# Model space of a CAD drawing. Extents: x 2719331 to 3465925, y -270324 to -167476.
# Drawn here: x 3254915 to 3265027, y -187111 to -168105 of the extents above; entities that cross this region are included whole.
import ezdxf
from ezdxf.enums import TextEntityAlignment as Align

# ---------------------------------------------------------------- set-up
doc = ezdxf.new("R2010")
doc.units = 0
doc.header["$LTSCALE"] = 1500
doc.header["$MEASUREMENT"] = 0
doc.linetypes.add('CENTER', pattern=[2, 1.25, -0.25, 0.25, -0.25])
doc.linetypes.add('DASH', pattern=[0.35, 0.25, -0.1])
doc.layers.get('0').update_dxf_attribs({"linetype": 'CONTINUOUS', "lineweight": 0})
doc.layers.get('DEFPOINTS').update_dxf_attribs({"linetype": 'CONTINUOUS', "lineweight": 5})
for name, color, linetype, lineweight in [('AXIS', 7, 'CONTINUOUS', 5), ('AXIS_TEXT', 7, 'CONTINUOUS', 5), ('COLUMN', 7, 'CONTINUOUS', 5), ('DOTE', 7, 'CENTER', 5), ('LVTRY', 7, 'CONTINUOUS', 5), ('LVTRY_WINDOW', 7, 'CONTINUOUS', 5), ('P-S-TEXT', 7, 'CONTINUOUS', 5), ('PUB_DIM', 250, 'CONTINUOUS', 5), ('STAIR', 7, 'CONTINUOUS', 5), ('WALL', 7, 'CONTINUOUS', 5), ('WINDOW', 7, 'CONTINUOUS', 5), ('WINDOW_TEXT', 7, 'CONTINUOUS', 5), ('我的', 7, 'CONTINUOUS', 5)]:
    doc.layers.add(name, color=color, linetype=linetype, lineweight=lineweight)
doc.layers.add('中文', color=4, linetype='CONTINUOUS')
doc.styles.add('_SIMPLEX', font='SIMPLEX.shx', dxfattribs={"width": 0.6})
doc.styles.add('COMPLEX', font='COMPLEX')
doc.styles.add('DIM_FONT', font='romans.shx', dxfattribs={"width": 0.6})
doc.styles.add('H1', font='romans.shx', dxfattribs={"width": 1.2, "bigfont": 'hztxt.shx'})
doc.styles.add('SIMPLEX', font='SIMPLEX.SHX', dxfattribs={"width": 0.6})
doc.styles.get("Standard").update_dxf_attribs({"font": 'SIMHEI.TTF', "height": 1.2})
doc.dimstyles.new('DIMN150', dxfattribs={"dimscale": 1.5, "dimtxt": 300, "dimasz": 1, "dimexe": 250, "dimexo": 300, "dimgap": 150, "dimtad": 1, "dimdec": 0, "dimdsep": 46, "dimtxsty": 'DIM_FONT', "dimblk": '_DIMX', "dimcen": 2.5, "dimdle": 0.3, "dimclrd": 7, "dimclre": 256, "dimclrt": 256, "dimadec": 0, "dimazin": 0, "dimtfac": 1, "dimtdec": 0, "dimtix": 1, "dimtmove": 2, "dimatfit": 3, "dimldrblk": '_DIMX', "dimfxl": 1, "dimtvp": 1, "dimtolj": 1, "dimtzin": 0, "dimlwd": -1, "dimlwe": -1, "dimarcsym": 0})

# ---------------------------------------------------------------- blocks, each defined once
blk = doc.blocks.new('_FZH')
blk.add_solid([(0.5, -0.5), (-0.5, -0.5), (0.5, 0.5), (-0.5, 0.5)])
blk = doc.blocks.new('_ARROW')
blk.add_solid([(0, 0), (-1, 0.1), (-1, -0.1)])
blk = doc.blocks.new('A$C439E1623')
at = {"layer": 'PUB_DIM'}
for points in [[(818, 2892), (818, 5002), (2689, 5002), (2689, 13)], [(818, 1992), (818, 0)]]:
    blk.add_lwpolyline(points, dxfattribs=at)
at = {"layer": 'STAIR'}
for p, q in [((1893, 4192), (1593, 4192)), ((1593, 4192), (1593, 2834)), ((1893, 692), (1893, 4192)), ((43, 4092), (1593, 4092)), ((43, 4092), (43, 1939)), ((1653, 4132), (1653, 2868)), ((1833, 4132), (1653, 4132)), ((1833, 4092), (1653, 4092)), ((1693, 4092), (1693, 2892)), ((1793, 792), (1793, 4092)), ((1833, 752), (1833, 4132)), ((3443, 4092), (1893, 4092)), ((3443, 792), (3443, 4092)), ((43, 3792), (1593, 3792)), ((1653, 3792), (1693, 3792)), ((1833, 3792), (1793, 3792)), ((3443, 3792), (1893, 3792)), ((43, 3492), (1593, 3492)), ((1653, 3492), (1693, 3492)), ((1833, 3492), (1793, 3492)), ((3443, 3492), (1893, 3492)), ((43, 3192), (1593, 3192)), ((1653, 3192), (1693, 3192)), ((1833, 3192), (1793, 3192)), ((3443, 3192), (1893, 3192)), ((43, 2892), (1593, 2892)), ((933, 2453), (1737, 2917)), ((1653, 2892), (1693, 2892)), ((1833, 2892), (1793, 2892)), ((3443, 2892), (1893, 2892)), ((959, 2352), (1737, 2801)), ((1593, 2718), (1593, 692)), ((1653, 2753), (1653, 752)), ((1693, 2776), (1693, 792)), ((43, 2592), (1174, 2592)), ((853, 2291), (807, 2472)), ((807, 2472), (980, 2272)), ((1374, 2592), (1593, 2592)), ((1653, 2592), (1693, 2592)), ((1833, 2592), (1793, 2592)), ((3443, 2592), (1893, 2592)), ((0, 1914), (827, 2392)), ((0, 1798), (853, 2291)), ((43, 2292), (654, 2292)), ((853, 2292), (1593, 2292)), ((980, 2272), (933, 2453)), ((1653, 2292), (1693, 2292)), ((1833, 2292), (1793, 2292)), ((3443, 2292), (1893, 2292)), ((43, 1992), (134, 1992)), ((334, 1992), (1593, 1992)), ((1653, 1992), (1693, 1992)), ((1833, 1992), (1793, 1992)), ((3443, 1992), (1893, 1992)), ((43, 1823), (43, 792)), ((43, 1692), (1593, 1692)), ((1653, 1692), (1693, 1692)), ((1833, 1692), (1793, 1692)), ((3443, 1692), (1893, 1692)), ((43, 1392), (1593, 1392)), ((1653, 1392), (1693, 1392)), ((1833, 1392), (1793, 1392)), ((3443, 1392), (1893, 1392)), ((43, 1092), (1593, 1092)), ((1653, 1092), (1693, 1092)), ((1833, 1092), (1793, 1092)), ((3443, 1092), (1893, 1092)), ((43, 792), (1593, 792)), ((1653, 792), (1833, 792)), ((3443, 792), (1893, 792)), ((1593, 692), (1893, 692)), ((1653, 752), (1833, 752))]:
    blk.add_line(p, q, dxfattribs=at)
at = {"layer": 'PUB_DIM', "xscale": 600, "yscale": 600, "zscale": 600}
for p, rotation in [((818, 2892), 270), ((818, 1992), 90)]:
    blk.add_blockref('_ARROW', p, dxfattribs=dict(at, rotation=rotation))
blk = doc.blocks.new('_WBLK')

════════

TASK DETAILS:
Taking the entries above, restate exactly those lines that fall between the line with "for name, color, linetype, lineweight" and the line with "doc.layers.add('中文', color=4, linetype='CONTINUOUS')", keeping both of those lines too.

TASK RESPONSE:
for name, color, linetype, lineweight in [('AXIS', 7, 'CONTINUOUS', 5), ('AXIS_TEXT', 7, 'CONTINUOUS', 5), ('COLUMN', 7, 'CONTINUOUS', 5), ('DOTE', 7, 'CENTER', 5), ('LVTRY', 7, 'CONTINUOUS', 5), ('LVTRY_WINDOW', 7, 'CONTINUOUS', 5), ('P-S-TEXT', 7, 'CONTINUOUS', 5), ('PUB_DIM', 250, 'CONTINUOUS', 5), ('STAIR', 7, 'CONTINUOUS', 5), ('WALL', 7, 'CONTINUOUS', 5), ('WINDOW', 7, 'CONTINUOUS', 5), ('WINDOW_TEXT', 7, 'CONTINUOUS', 5), ('我的', 7, 'CONTINUOUS', 5)]:
    doc.layers.add(name, color=color, linetype=linetype, lineweight=lineweight)
doc.layers.add('中文', color=4, linetype='CONTINUOUS')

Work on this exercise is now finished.